| Exercise prompt |
What is needed is an exact reproduction of the listing, without its pictures.

| Supplied information |

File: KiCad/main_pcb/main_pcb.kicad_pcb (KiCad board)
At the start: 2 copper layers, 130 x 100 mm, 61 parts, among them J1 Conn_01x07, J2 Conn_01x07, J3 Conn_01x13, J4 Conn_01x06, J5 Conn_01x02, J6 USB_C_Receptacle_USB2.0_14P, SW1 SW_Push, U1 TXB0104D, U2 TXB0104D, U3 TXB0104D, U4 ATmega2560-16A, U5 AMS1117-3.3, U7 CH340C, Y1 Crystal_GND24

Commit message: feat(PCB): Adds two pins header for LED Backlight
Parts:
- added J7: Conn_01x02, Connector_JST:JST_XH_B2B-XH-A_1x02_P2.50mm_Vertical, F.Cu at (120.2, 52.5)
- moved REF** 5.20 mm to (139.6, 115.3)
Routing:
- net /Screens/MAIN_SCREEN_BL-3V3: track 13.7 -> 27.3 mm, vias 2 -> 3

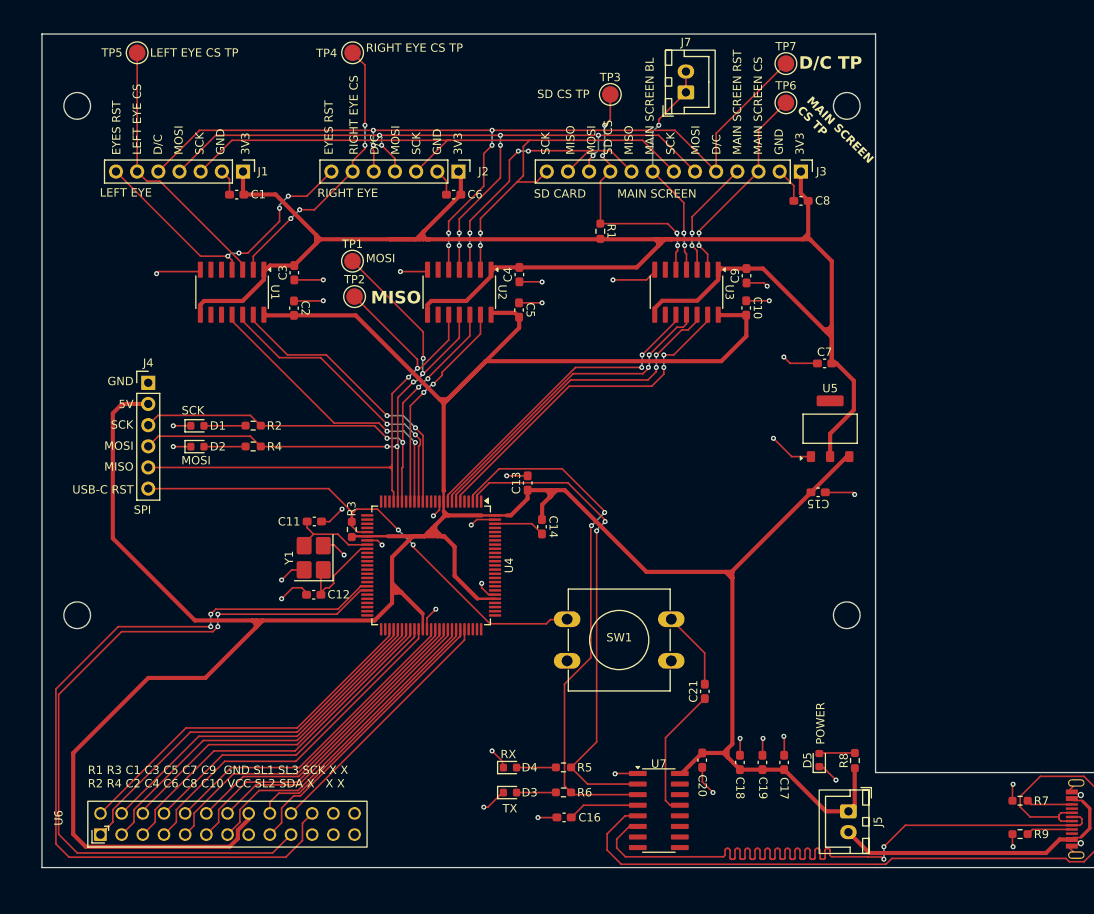
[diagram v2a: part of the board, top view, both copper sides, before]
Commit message: feat(pcb): Uses new footprint for Male Header 2x13
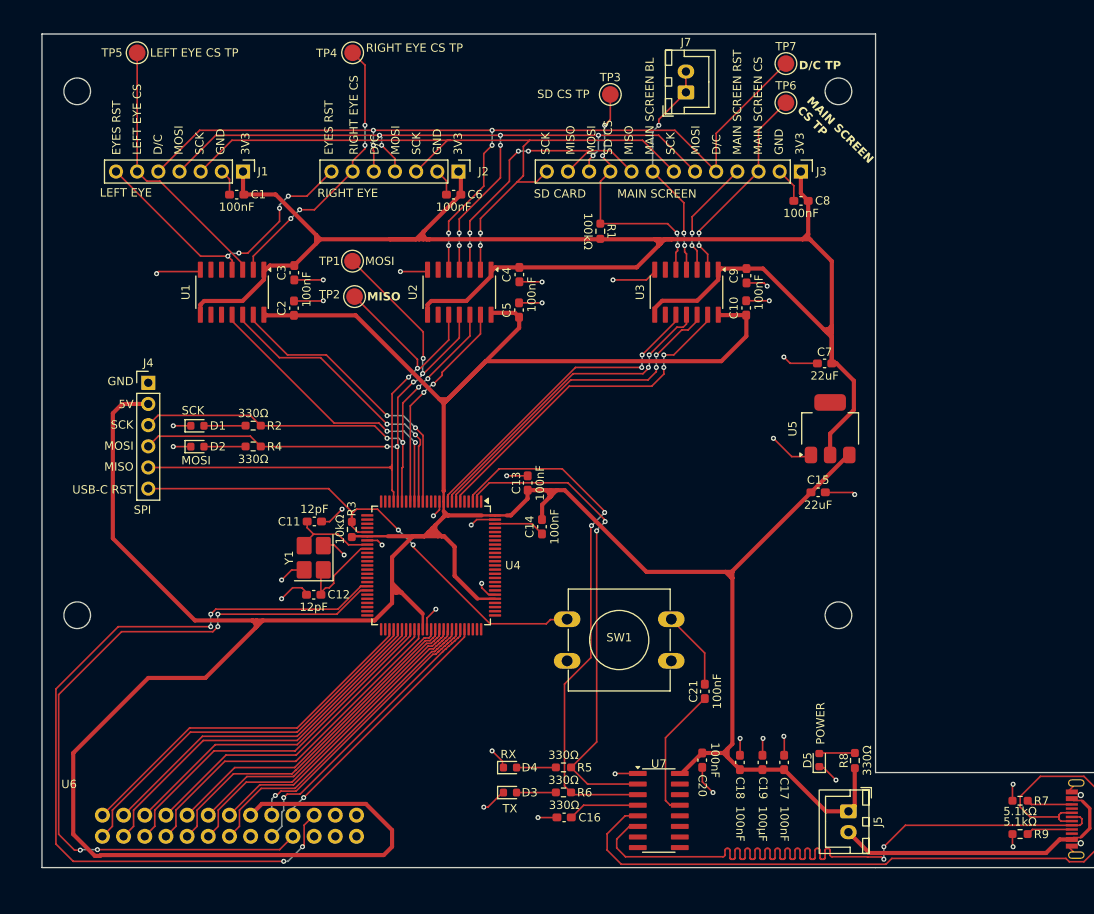
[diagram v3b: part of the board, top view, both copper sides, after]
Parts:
- U5: footprint Lilibrary:SOT-223-3_TabPin2_AMS1117 -> Package_TO_SOT_SMD:SOT-223-3_TabPin2
- U6: footprint Lilibrary:male_header -> Lilibrary:IDC-TH_26P-P2.54_OMRON_XG4C-2631
- moved U6 20.0 mm to (65.5, 140.5)
- moved REF** 2.02 mm to (138.6, 52.4)
- moved REF** 1.75 mm to (47.2, 52.4)
- moved REF** 1.00 mm to (138.6, 115.3)
- turned U5 to 90 degrees
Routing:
- net VCC: track 397.5 -> 433.5 mm
- net /SDL_SW2: track 35.5 -> 34.6 mm, vias 0 -> 1
- net /SCL: track 97.6 -> 98.3 mm, vias 2 -> 4
- net /SDA: track 89.6 -> 89.4 mm, vias 2 -> 4
- net /SDL_SW1: track 32.8 -> 32.7 mm, vias 0 -> 1
- net /SDL_SW3: track 30.7 -> 30.8 mm, vias 0 -> 1
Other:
- board text added: "100kΩ"
- board text added: "100nF"
- board text added: "100µF"
- board text added: "10kΩ"
- board text added: "12pF"
- board text added: "22uF"
- board text added: "330Ω"
- board text added: "5.1kΩ"
- board text removed: "R1 R3 C1 C3 C5 C7 C9 GND SL1 SL3 SCK X X R2 R4 C2 C4 C6 C8 C10 VCC SL2 SDA X X X"

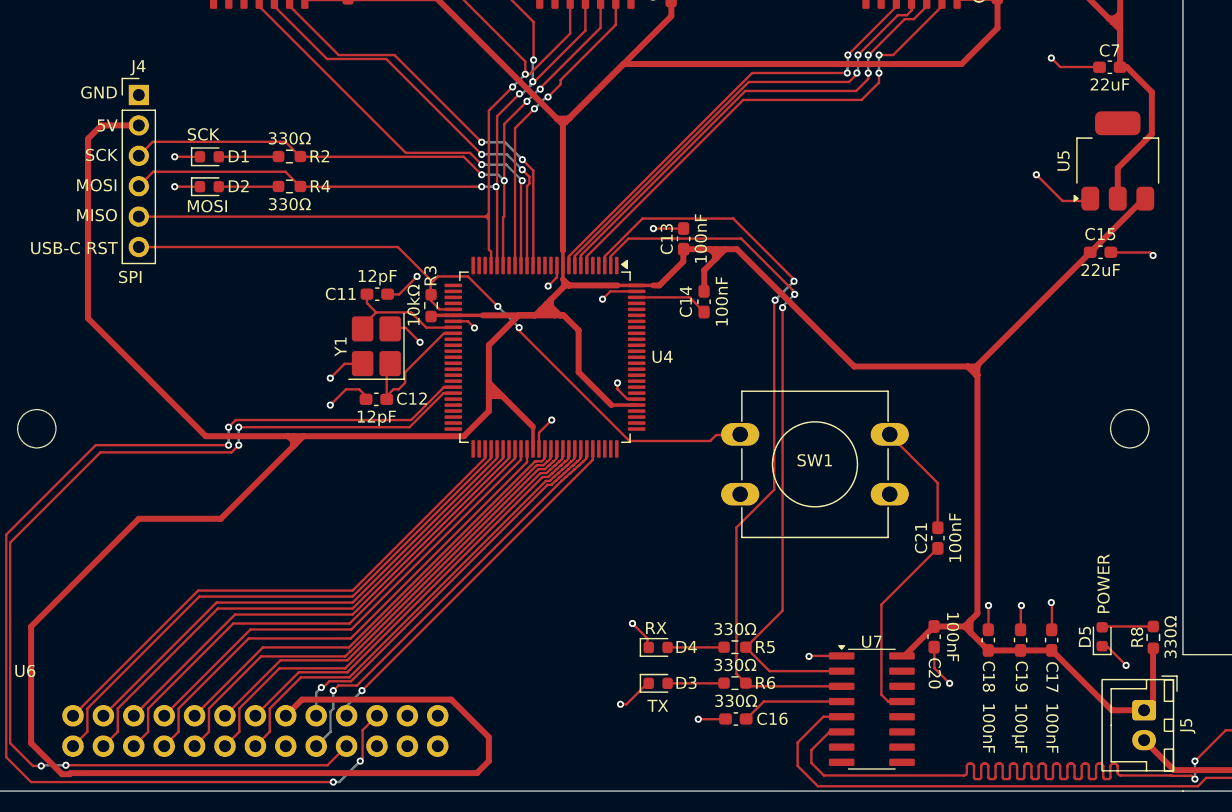
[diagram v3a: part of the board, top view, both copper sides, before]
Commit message: feat(3D models): Adds 3D models to PCB
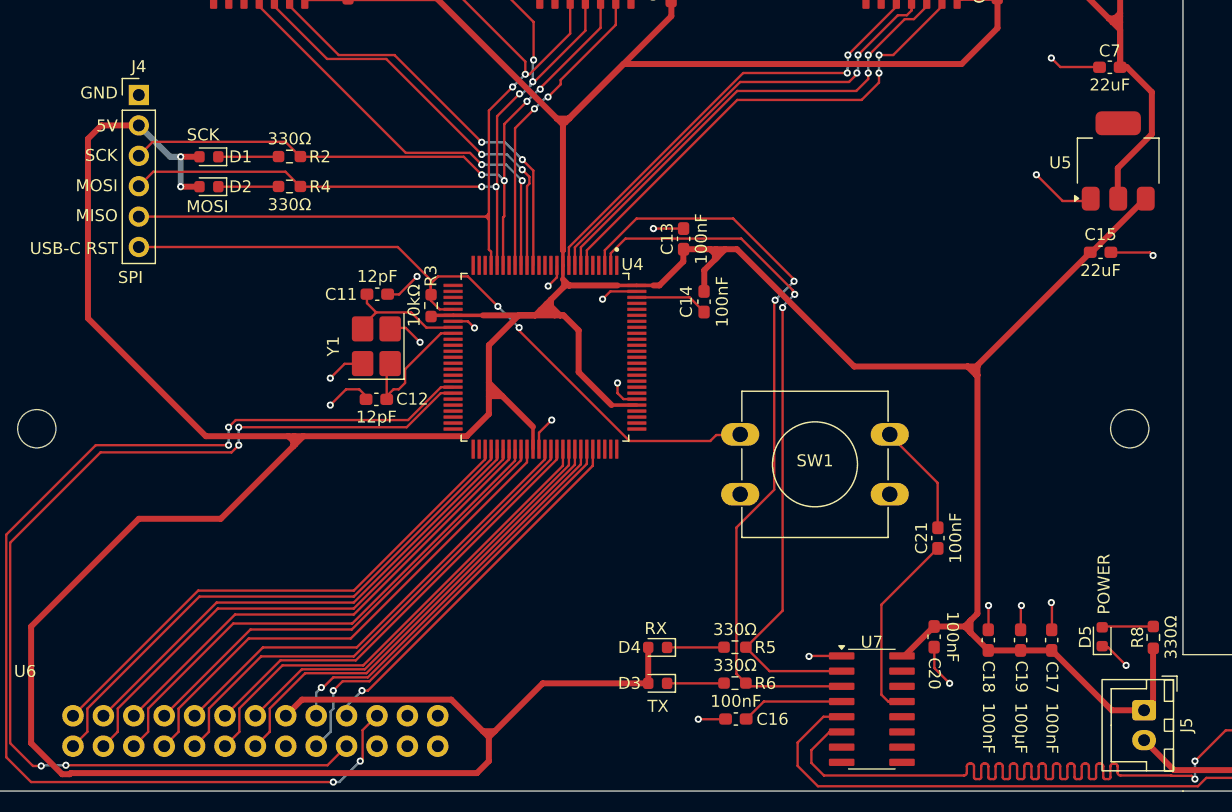
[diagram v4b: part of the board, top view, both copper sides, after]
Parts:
- U4: footprint Package_QFP:TQFP-100_14x14mm_P0.5mm -> Lilibrary:ATmega2560-16AU
- U5: footprint Package_TO_SOT_SMD:SOT-223-3_TabPin2 -> Lilibrary:SOT-223-3_TabPin2_AMS1117
- Y1: footprint Crystal:Crystal_SMD_3225-4Pin_3.2x2.5mm_HandSoldering -> Lilibrary:Crystal_3225
- turned D1 to 180 degrees
- turned D2 to 180 degrees
- turned D3 to 180 degrees
- turned D4 to 180 degrees
- turned U5 to 0 degrees
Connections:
- D1 pad 1: GND -> Net-(D1-K)
- D1 pad 2: Net-(D1-A) -> VCC
- D2 pad 1: GND -> Net-(D2-K)
- D2 pad 2: Net-(D2-A) -> VCC
- D3 pad 1: GND -> Net-(D3-K)
- D3 pad 2: Net-(D3-A) -> VCC
- D4 pad 1: GND -> Net-(D4-K)
- D4 pad 2: Net-(D4-A) -> VCC
- R2 pad 2: Net-(D1-A) -> Net-(D1-K)
- R4 pad 2: Net-(D2-A) -> Net-(D2-K)
- R5 pad 2: Net-(D4-A) -> Net-(D4-K)
- R6 pad 2: Net-(D3-A) -> Net-(D3-K)
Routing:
- net VCC: track 433.5 -> 463.4 mm, vias 0 -> 2
- net GND: track 117.2 -> 107.9 mm, vias 35 -> 31
- net Net-(D2-K): track 0.00 -> 4.92 mm
- net Net-(D2-A): track 4.92 -> 0.00 mm
- net Net-(D1-K): track 0.00 -> 4.92 mm
- net Net-(D1-A): track 4.92 -> 0.00 mm
- net Net-(D4-K): track 0.00 -> 4.65 mm
- net Net-(D4-A): track 4.65 -> 0.00 mm
- net Net-(D3-K): track 0.00 -> 4.65 mm
- net Net-(D3-A): track 4.65 -> 0.00 mm
- net /C3: track 39.6 -> 40.5 mm
- net /SDL_SW2: track 34.6 -> 35.5 mm
- net /C2: track 43.7 -> 44.6 mm
- net /R3: track 42.6 -> 43.4 mm
- net /R1: track 44.1 -> 44.9 mm
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
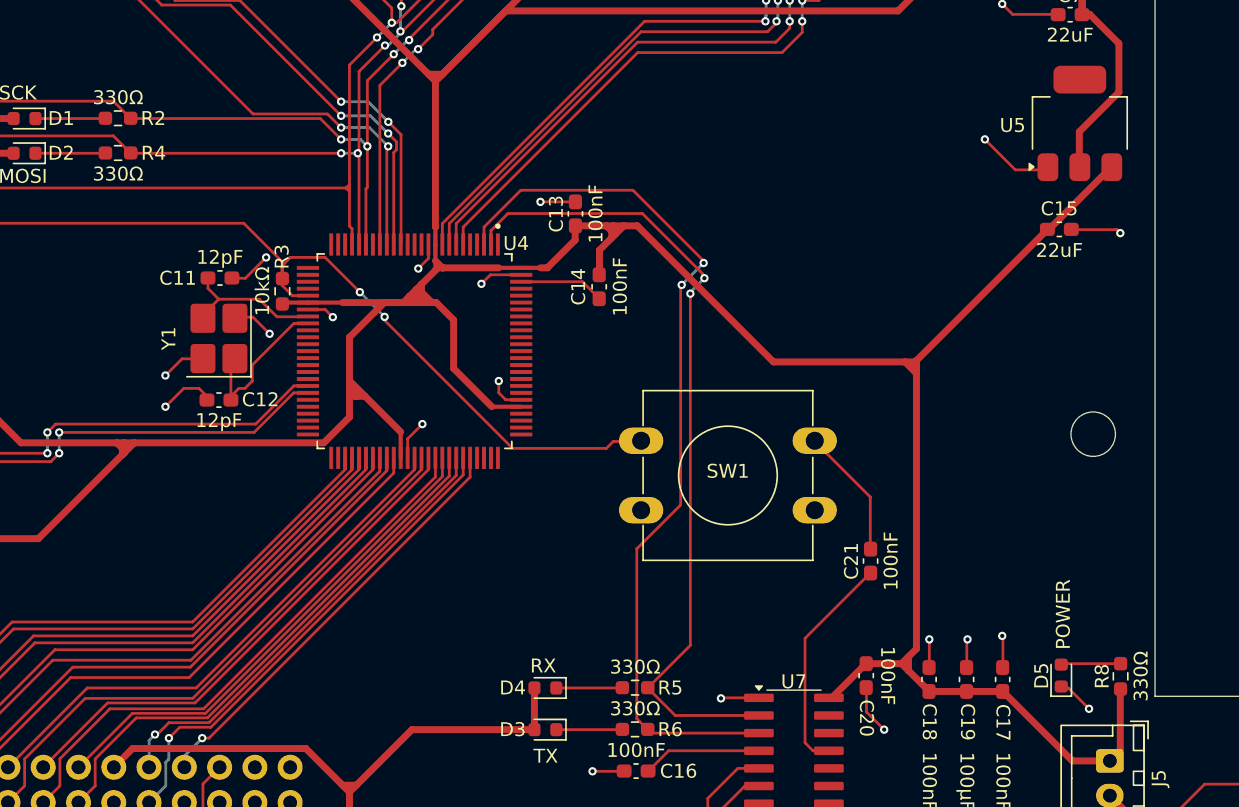
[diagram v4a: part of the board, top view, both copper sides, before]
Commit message: feat(schematic): Changes LED's resistor values from 330 ohms to 1k ohms.
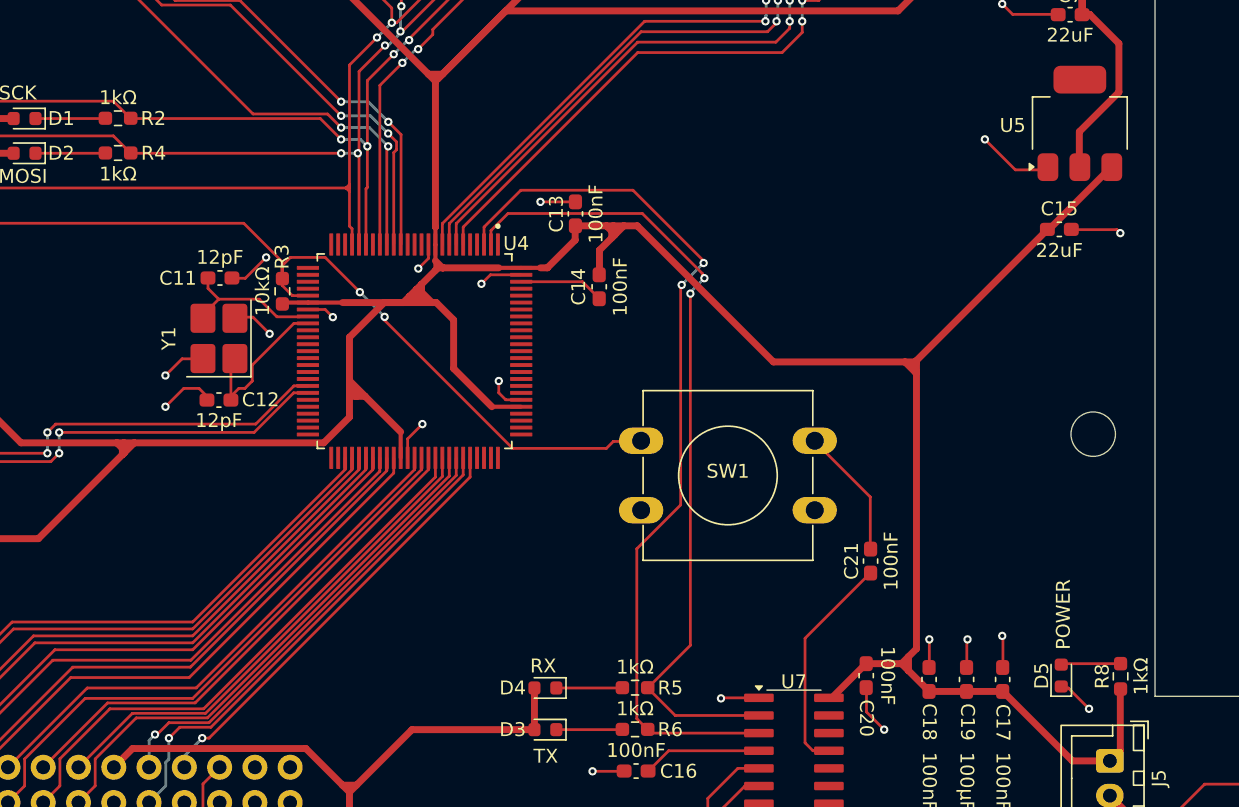
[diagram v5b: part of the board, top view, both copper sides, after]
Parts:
- R2, R4, R5, R6, R8: value 330Ω -> 1kΩ
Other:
- board text added: "1kΩ"
- board text removed: "330Ω"
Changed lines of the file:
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@@
 			)
 		)
-		(property "Value" "330Ω"
+		(property "Value" "1kΩ"
 			(at 0 1 180)
 			(unlocked yes)
@@
 			)
 		)
-		(property "LCSC" "C2933198"
+		(property "LCSC" "C22548"
 			(at 0 0 180)
 			(unlocked yes)
@@
 			)
 		)
-		(property "Value" "330Ω"
+		(property "Value" "1kΩ"
 			(at 0 1 180)
 			(unlocked yes)
@@
 			)
 		)
-		(property "LCSC" "C2933198"
+		(property "LCSC" "C22548"
 			(at 0 0 180)
 			(unlocked yes)
@@
 			)
 		)
-		(property "Value" "330Ω"
+		(property "Value" "1kΩ"
 			(at 0 1 180)
 			(unlocked yes)
@@
 			)
 		)
-		(property "LCSC" "C2933198"
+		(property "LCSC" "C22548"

| Written solution |
File: KiCad/main_pcb/main_pcb.kicad_pcb (KiCad board)
At the start: 2 copper layers, 130 x 100 mm, 61 parts, among them J1 Conn_01x07, J2 Conn_01x07, J3 Conn_01x13, J4 Conn_01x06, J5 Conn_01x02, J6 USB_C_Receptacle_USB2.0_14P, SW1 SW_Push, U1 TXB0104D, U2 TXB0104D, U3 TXB0104D, U4 ATmega2560-16A, U5 AMS1117-3.3, U7 CH340C, Y1 Crystal_GND24

Commit message: feat(PCB): Adds two pins header for LED Backlight
Parts:
- added J7: Conn_01x02, Connector_JST:JST_XH_B2B-XH-A_1x02_P2.50mm_Vertical, F.Cu at (120.2, 52.5)
- moved REF** 5.20 mm to (139.6, 115.3)
Routing:
- net /Screens/MAIN_SCREEN_BL-3V3: track 13.7 -> 27.3 mm, vias 2 -> 3

[diagram v2a: part of the board, top view, both copper sides, before]
Commit message: feat(pcb): Uses new footprint for Male Header 2x13
[diagram v3b: part of the board, top view, both copper sides, after]
Parts:
- U5: footprint Lilibrary:SOT-223-3_TabPin2_AMS1117 -> Package_TO_SOT_SMD:SOT-223-3_TabPin2
- U6: footprint Lilibrary:male_header -> Lilibrary:IDC-TH_26P-P2.54_OMRON_XG4C-2631
- moved U6 20.0 mm to (65.5, 140.5)
- moved REF** 2.02 mm to (138.6, 52.4)
- moved REF** 1.75 mm to (47.2, 52.4)
- moved REF** 1.00 mm to (138.6, 115.3)
- turned U5 to 90 degrees
Routing:
- net VCC: track 397.5 -> 433.5 mm
- net /SDL_SW2: track 35.5 -> 34.6 mm, vias 0 -> 1
- net /SCL: track 97.6 -> 98.3 mm, vias 2 -> 4
- net /SDA: track 89.6 -> 89.4 mm, vias 2 -> 4
- net /SDL_SW1: track 32.8 -> 32.7 mm, vias 0 -> 1
- net /SDL_SW3: track 30.7 -> 30.8 mm, vias 0 -> 1
Other:
- board text added: "100kΩ"
- board text added: "100nF"
- board text added: "100µF"
- board text added: "10kΩ"
- board text added: "12pF"
- board text added: "22uF"
- board text added: "330Ω"
- board text added: "5.1kΩ"
- board text removed: "R1 R3 C1 C3 C5 C7 C9 GND SL1 SL3 SCK X X R2 R4 C2 C4 C6 C8 C10 VCC SL2 SDA X X X"

[diagram v3a: part of the board, top view, both copper sides, before]
Commit message: feat(3D models): Adds 3D models to PCB
[diagram v4b: part of the board, top view, both copper sides, after]
Parts:
- U4: footprint Package_QFP:TQFP-100_14x14mm_P0.5mm -> Lilibrary:ATmega2560-16AU
- U5: footprint Package_TO_SOT_SMD:SOT-223-3_TabPin2 -> Lilibrary:SOT-223-3_TabPin2_AMS1117
- Y1: footprint Crystal:Crystal_SMD_3225-4Pin_3.2x2.5mm_HandSoldering -> Lilibrary:Crystal_3225
- turned D1 to 180 degrees
- turned D2 to 180 degrees
- turned D3 to 180 degrees
- turned D4 to 180 degrees
- turned U5 to 0 degrees
Connections:
- D1 pad 1: GND -> Net-(D1-K)
- D1 pad 2: Net-(D1-A) -> VCC
- D2 pad 1: GND -> Net-(D2-K)
- D2 pad 2: Net-(D2-A) -> VCC
- D3 pad 1: GND -> Net-(D3-K)
- D3 pad 2: Net-(D3-A) -> VCC
- D4 pad 1: GND -> Net-(D4-K)
- D4 pad 2: Net-(D4-A) -> VCC
- R2 pad 2: Net-(D1-A) -> Net-(D1-K)
- R4 pad 2: Net-(D2-A) -> Net-(D2-K)
- R5 pad 2: Net-(D4-A) -> Net-(D4-K)
- R6 pad 2: Net-(D3-A) -> Net-(D3-K)
Routing:
- net VCC: track 433.5 -> 463.4 mm, vias 0 -> 2
- net GND: track 117.2 -> 107.9 mm, vias 35 -> 31
- net Net-(D2-K): track 0.00 -> 4.92 mm
- net Net-(D2-A): track 4.92 -> 0.00 mm
- net Net-(D1-K): track 0.00 -> 4.92 mm
- net Net-(D1-A): track 4.92 -> 0.00 mm
- net Net-(D4-K): track 0.00 -> 4.65 mm
- net Net-(D4-A): track 4.65 -> 0.00 mm
- net Net-(D3-K): track 0.00 -> 4.65 mm
- net Net-(D3-A): track 4.65 -> 0.00 mm
- net /C3: track 39.6 -> 40.5 mm
- net /SDL_SW2: track 34.6 -> 35.5 mm
- net /C2: track 43.7 -> 44.6 mm
- net /R3: track 42.6 -> 43.4 mm
- net /R1: track 44.1 -> 44.9 mm

[diagram v4a: part of the board, top view, both copper sides, before]
Commit message: feat(schematic): Changes LED's resistor values from 330 ohms to 1k ohms.
[diagram v5b: part of the board, top view, both copper sides, after]
Parts:
- R2, R4, R5, R6, R8: value 330Ω -> 1kΩ
Other:
- board text added: "1kΩ"
- board text removed: "330Ω"
Changed lines of the file:
@@
 			)
 		)
-		(property "Value" "330Ω"
+		(property "Value" "1kΩ"
 			(at 0 1 180)
 			(unlocked yes)
@@
 			)
 		)
-		(property "LCSC" "C2933198"
+		(property "LCSC" "C22548"
 			(at 0 0 180)
 			(unlocked yes)
@@
 			)
 		)
-		(property "Value" "330Ω"
+		(property "Value" "1kΩ"
 			(at 0 1 180)
 			(unlocked yes)
@@
 			)
 		)
-		(property "LCSC" "C2933198"
+		(property "LCSC" "C22548"
 			(at 0 0 180)
 			(unlocked yes)
@@
 			)
 		)
-		(property "Value" "330Ω"
+		(property "Value" "1kΩ"
 			(at 0 1 180)
 			(unlocked yes)
@@
 			)
 		)
-		(property "LCSC" "C2933198"
+		(property "LCSC" "C22548"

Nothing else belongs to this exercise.